Given data >>
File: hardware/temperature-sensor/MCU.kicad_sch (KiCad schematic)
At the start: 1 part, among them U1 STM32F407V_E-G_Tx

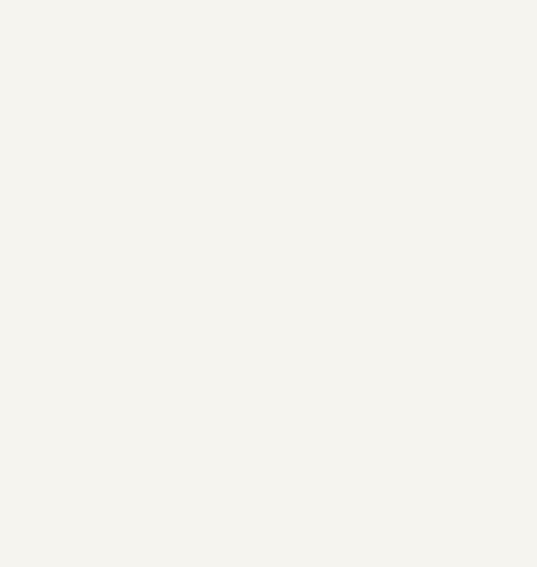
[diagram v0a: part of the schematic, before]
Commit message: add components for temperature sensor
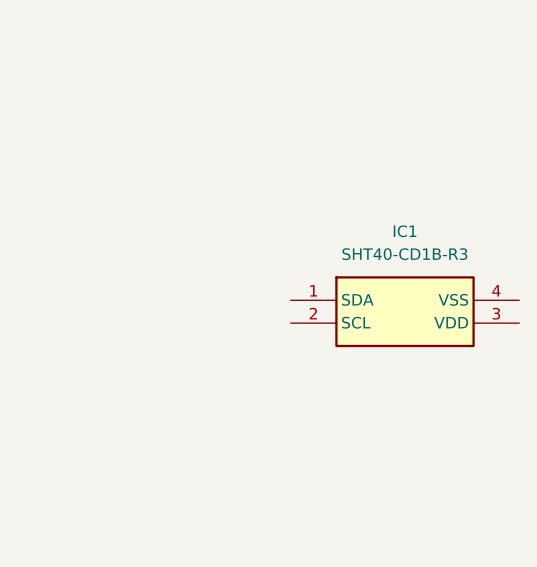
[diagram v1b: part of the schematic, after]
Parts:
- added IC1: SHT40-CD1B-R3, benediktibk:SHT40CD1BR3, symbol benediktibk:SHT40-CD1B-R3
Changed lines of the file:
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@@
 	(paper "A4")
+	(symbol
+		(lib_id "benediktibk:SHT40-CD1B-R3")
+		(at 201.93 81.28 0)
+		(unit 1)
+		(exclude_from_sim no)
+		(in_bom yes)
+		(on_board yes)
+		(dnp no)
+		(fields_autoplaced yes)
+		(property "Reference" "IC1"
+			(at 214.63 73.66 0)
+			(effects
+				(font
+					(size 1.27 1.27)
+				)
+			)
+		)
+		(property "Value" "SHT40-CD1B-R3"
+			(at 214.63 76.2 0)
+			(effects
+				(font
+					(size 1.27 1.27)
+				)
+			)
+		)
+		(property "Footprint" "benediktibk:SHT40CD1BR3"
+			(at 223.52 176.2 0)
+			(effects
+				(font
+					(size 1.27 1.27)
+				)
+				(justify left top)
+				(hide yes)
+			)
+		)
+		(property "Datasheet" "https://sensirion.com/media/documents/33FD6951/6555C40E/Sensirion_Datasheet_SHT4x.pdf"
+			(at 223.52 276.2 0)
+			(effects
+				(font
+					(size 1.27 1.27)
+				)
+				(justify left top)
+				(hide yes)
+			)
+		)
+		(property "Description" "Board Mount Humidity Sensors +/-1.8%RH/+/-0.2C, 4th generation, digital (I2C) humidity and temperature sensor with 0x46 I2C address."
+			(at 201.93 81.28 0)
+			(effects
+				(font
+					(size 1.27 1.27)
+				)
+				(hide yes)
+			)
+		)
+		(property "Height" "0.59"
+			(at 223.52 476.2 0)
+			(effects
+				(font
+					(size 1.27 1.27)
+				)
+				(justify left top)
+				(hide yes)
+			)
+		)
+		(property "Mouser Part Number" "403-SHT40-CD1B-R3"
+			(at 223.52 576.2 0)
+			(effects
+				(font
+					(size 1.27 1.27)
+				)
+				(justify left top)
+				(hide yes)
+			)
+		)
+		(property "Mouser Price/Stock" "https://www.mouser.co.uk/ProductDetail/Sensirion/SHT40-CD1B-R3?qs=ulEaXIWI0c%2FeyXO6eo5KrQ%3D%3D"
+			(at 223.52 676.2 0)
+			(effects
+				(font
+					(size 1.27 1.27)
+				)
+				(justify left top)
+				(hide yes)
+			)
+		)
+		(property "Manufacturer_Name" "Sensirion"
+			(at 223.52 776.2 0)
+			(effects
+				(font
+					(size 1.27 1.27)
+				)
+				(justify left top)
+				(hide yes)
+			)
+		)
+		(property "Manufacturer_Part_Number" "SHT40-CD1B-R3"
+			(at 223.52 876.2 0)
+			(effects
+				(font
+					(size 1.27 1.27)
+				)
+				(justify left top)
+				(hide yes)
+			)
+		)
+		(pin "1"
+		)
+		(pin "2"
+		)
+		(pin "3"
+		)
+		(pin "4"
+		)
+		(instances
+			(project ""
+				(path "/3594a937-0ff5-42e2-8a8f-f816088f7574/a0d45ccb-d615-45f4-a839-39b8e4e3dcc0"
+					(reference "IC1")
+					(unit 1)
+				)
+			)
+		)
+	)
 	(symbol
 		(lib_id "benediktibk:STM32F407V_E-G_Tx")

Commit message: extend schematic of ethernet
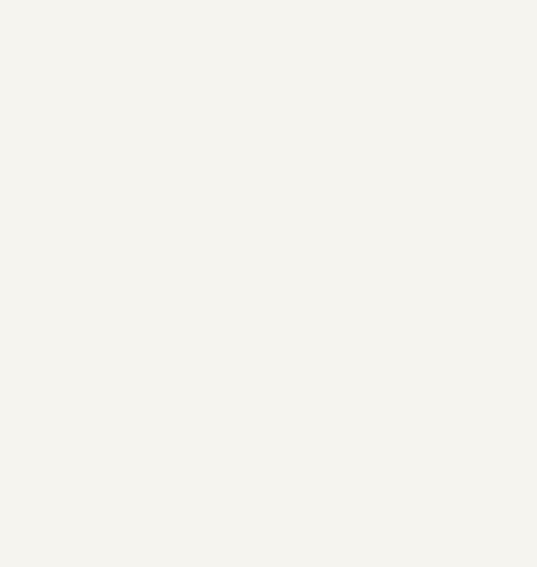
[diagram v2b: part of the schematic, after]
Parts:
- removed IC1: SHT40-CD1B-R3, benediktibk:SHT40CD1BR3, symbol benediktibk:SHT40-CD1B-R3
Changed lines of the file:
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@@
 	(paper "A4")
-	(symbol
-		(lib_id "benediktibk:SHT40-CD1B-R3")
-		(at 201.93 81.28 0)
-		(unit 1)
-		(exclude_from_sim no)
-		(in_bom yes)
-		(on_board yes)
-		(dnp no)
-		(fields_autoplaced yes)
-		(property "Reference" "IC1"
-			(at 214.63 73.66 0)
-			(effects
-				(font
-					(size 1.27 1.27)
-				)
-			)
-		)
-		(property "Value" "SHT40-CD1B-R3"
-			(at 214.63 76.2 0)
-			(effects
-				(font
-					(size 1.27 1.27)
-				)
-			)
-		)
-		(property "Footprint" "benediktibk:SHT40CD1BR3"
-			(at 223.52 176.2 0)
-			(effects
-				(font
-					(size 1.27 1.27)
-				)
-				(justify left top)
-				(hide yes)
-			)
-		)
-		(property "Datasheet" "https://sensirion.com/media/documents/33FD6951/6555C40E/Sensirion_Datasheet_SHT4x.pdf"
-			(at 223.52 276.2 0)
-			(effects
-				(font
-					(size 1.27 1.27)
-				)
-				(justify left top)
-				(hide yes)
-			)
-		)
-		(property "Description" "Board Mount Humidity Sensors +/-1.8%RH/+/-0.2C, 4th generation, digital (I2C) humidity and temperature sensor with 0x46 I2C address."
-			(at 201.93 81.28 0)
-			(effects
-				(font
-					(size 1.27 1.27)
-				)
-				(hide yes)
-			)
-		)
-		(property "Height" "0.59"
-			(at 223.52 476.2 0)
-			(effects
-				(font
-					(size 1.27 1.27)
-				)
-				(justify left top)
-				(hide yes)
-			)
-		)
-		(property "Mouser Part Number" "403-SHT40-CD1B-R3"
-			(at 223.52 576.2 0)
-			(effects
-				(font
-					(size 1.27 1.27)
-				)
-				(justify left top)
-				(hide yes)
-			)
-		)
-		(property "Mouser Price/Stock" "https://www.mouser.co.uk/ProductDetail/Sensirion/SHT40-CD1B-R3?qs=ulEaXIWI0c%2FeyXO6eo5KrQ%3D%3D"
-			(at 223.52 676.2 0)
-			(effects
-				(font
-					(size 1.27 1.27)
-				)
-				(justify left top)
-				(hide yes)
-			)
-		)
-		(property "Manufacturer_Name" "Sensirion"
-			(at 223.52 776.2 0)
-			(effects
-				(font
-					(size 1.27 1.27)
-				)
-				(justify left top)
-				(hide yes)
-			)
-		)
-		(property "Manufacturer_Part_Number" "SHT40-CD1B-R3"
-			(at 223.52 876.2 0)
-			(effects
-				(font
-					(size 1.27 1.27)
-				)
-				(justify left top)
-				(hide yes)
-			)
-		)
-		(pin "1"
-		)
-		(pin "2"
-		)
-		(pin "3"
-		)
-		(pin "4"
-		)
-		(instances
-			(project ""
-				(path "/3594a937-0ff5-42e2-8a8f-f816088f7574/a0d45ccb-d615-45f4-a839-39b8e4e3dcc0"
-					(reference "IC1")
-					(unit 1)
-				)
-			)
-		)
-	)
 	(symbol
 		(lib_id "benediktibk:STM32F407V_E-G_Tx")

Aim of the task >> The records above should be returned word for word, with every picture left out.

Written response >>
File: hardware/temperature-sensor/MCU.kicad_sch (KiCad schematic)
At the start: 1 part, among them U1 STM32F407V_E-G_Tx

[diagram v0a: part of the schematic, before]
Commit message: add components for temperature sensor
[diagram v1b: part of the schematic, after]
Parts:
- added IC1: SHT40-CD1B-R3, benediktibk:SHT40CD1BR3, symbol benediktibk:SHT40-CD1B-R3
Changed lines of the file:
@@
 	(paper "A4")
+	(symbol
+		(lib_id "benediktibk:SHT40-CD1B-R3")
+		(at 201.93 81.28 0)
+		(unit 1)
+		(exclude_from_sim no)
+		(in_bom yes)
+		(on_board yes)
+		(dnp no)
+		(fields_autoplaced yes)
+		(property "Reference" "IC1"
+			(at 214.63 73.66 0)
+			(effects
+				(font
+					(size 1.27 1.27)
+				)
+			)
+		)
+		(property "Value" "SHT40-CD1B-R3"
+			(at 214.63 76.2 0)
+			(effects
+				(font
+					(size 1.27 1.27)
+				)
+			)
+		)
+		(property "Footprint" "benediktibk:SHT40CD1BR3"
+			(at 223.52 176.2 0)
+			(effects
+				(font
+					(size 1.27 1.27)
+				)
+				(justify left top)
+				(hide yes)
+			)
+		)
+		(property "Datasheet" "https://sensirion.com/media/documents/33FD6951/6555C40E/Sensirion_Datasheet_SHT4x.pdf"
+			(at 223.52 276.2 0)
+			(effects
+				(font
+					(size 1.27 1.27)
+				)
+				(justify left top)
+				(hide yes)
+			)
+		)
+		(property "Description" "Board Mount Humidity Sensors +/-1.8%RH/+/-0.2C, 4th generation, digital (I2C) humidity and temperature sensor with 0x46 I2C address."
+			(at 201.93 81.28 0)
+			(effects
+				(font
+					(size 1.27 1.27)
+				)
+				(hide yes)
+			)
+		)
+		(property "Height" "0.59"
+			(at 223.52 476.2 0)
+			(effects
+				(font
+					(size 1.27 1.27)
+				)
+				(justify left top)
+				(hide yes)
+			)
+		)
+		(property "Mouser Part Number" "403-SHT40-CD1B-R3"
+			(at 223.52 576.2 0)
+			(effects
+				(font
+					(size 1.27 1.27)
+				)
+				(justify left top)
+				(hide yes)
+			)
+		)
+		(property "Mouser Price/Stock" "https://www.mouser.co.uk/ProductDetail/Sensirion/SHT40-CD1B-R3?qs=ulEaXIWI0c%2FeyXO6eo5KrQ%3D%3D"
+			(at 223.52 676.2 0)
+			(effects
+				(font
+					(size 1.27 1.27)
+				)
+				(justify left top)
+				(hide yes)
+			)
+		)
+		(property "Manufacturer_Name" "Sensirion"
+			(at 223.52 776.2 0)
+			(effects
+				(font
+					(size 1.27 1.27)
+				)
+				(justify left top)
+				(hide yes)
+			)
+		)
+		(property "Manufacturer_Part_Number" "SHT40-CD1B-R3"
+			(at 223.52 876.2 0)
+			(effects
+				(font
+					(size 1.27 1.27)
+				)
+				(justify left top)
+				(hide yes)
+			)
+		)
+		(pin "1"
+		)
+		(pin "2"
+		)
+		(pin "3"
+		)
+		(pin "4"
+		)
+		(instances
+			(project ""
+				(path "/3594a937-0ff5-42e2-8a8f-f816088f7574/a0d45ccb-d615-45f4-a839-39b8e4e3dcc0"
+					(reference "IC1")
+					(unit 1)
+				)
+			)
+		)
+	)
 	(symbol
 		(lib_id "benediktibk:STM32F407V_E-G_Tx")

Commit message: extend schematic of ethernet
[diagram v2b: part of the schematic, after]
Parts:
- removed IC1: SHT40-CD1B-R3, benediktibk:SHT40CD1BR3, symbol benediktibk:SHT40-CD1B-R3
Changed lines of the file:
@@
 	(paper "A4")
-	(symbol
-		(lib_id "benediktibk:SHT40-CD1B-R3")
-		(at 201.93 81.28 0)
-		(unit 1)
-		(exclude_from_sim no)
-		(in_bom yes)
-		(on_board yes)
-		(dnp no)
-		(fields_autoplaced yes)
-		(property "Reference" "IC1"
-			(at 214.63 73.66 0)
-			(effects
-				(font
-					(size 1.27 1.27)
-				)
-			)
-		)
-		(property "Value" "SHT40-CD1B-R3"
-			(at 214.63 76.2 0)
-			(effects
-				(font
-					(size 1.27 1.27)
-				)
-			)
-		)
-		(property "Footprint" "benediktibk:SHT40CD1BR3"
-			(at 223.52 176.2 0)
-			(effects
-				(font
-					(size 1.27 1.27)
-				)
-				(justify left top)
-				(hide yes)
-			)
-		)
-		(property "Datasheet" "https://sensirion.com/media/documents/33FD6951/6555C40E/Sensirion_Datasheet_SHT4x.pdf"
-			(at 223.52 276.2 0)
-			(effects
-				(font
-					(size 1.27 1.27)
-				)
-				(justify left top)
-				(hide yes)
-			)
-		)
-		(property "Description" "Board Mount Humidity Sensors +/-1.8%RH/+/-0.2C, 4th generation, digital (I2C) humidity and temperature sensor with 0x46 I2C address."
-			(at 201.93 81.28 0)
-			(effects
-				(font
-					(size 1.27 1.27)
-				)
-				(hide yes)
-			)
-		)
-		(property "Height" "0.59"
-			(at 223.52 476.2 0)
-			(effects
-				(font
-					(size 1.27 1.27)
-				)
-				(justify left top)
-				(hide yes)
-			)
-		)
-		(property "Mouser Part Number" "403-SHT40-CD1B-R3"
-			(at 223.52 576.2 0)
-			(effects
-				(font
-					(size 1.27 1.27)
-				)
-				(justify left top)
-				(hide yes)
-			)
-		)
-		(property "Mouser Price/Stock" "https://www.mouser.co.uk/ProductDetail/Sensirion/SHT40-CD1B-R3?qs=ulEaXIWI0c%2FeyXO6eo5KrQ%3D%3D"
-			(at 223.52 676.2 0)
-			(effects
-				(font
-					(size 1.27 1.27)
-				)
-				(justify left top)
-				(hide yes)
-			)
-		)
-		(property "Manufacturer_Name" "Sensirion"
-			(at 223.52 776.2 0)
-			(effects
-				(font
-					(size 1.27 1.27)
-				)
-				(justify left top)
-				(hide yes)
-			)
-		)
-		(property "Manufacturer_Part_Number" "SHT40-CD1B-R3"
-			(at 223.52 876.2 0)
-			(effects
-				(font
-					(size 1.27 1.27)
-				)
-				(justify left top)
-				(hide yes)
-			)
-		)
-		(pin "1"
-		)
-		(pin "2"
-		)
-		(pin "3"
-		)
-		(pin "4"
-		)
-		(instances
-			(project ""
-				(path "/3594a937-0ff5-42e2-8a8f-f816088f7574/a0d45ccb-d615-45f4-a839-39b8e4e3dcc0"
-					(reference "IC1")
-					(unit 1)
-				)
-			)
-		)
-	)
 	(symbol
 		(lib_id "benediktibk:STM32F407V_E-G_Tx")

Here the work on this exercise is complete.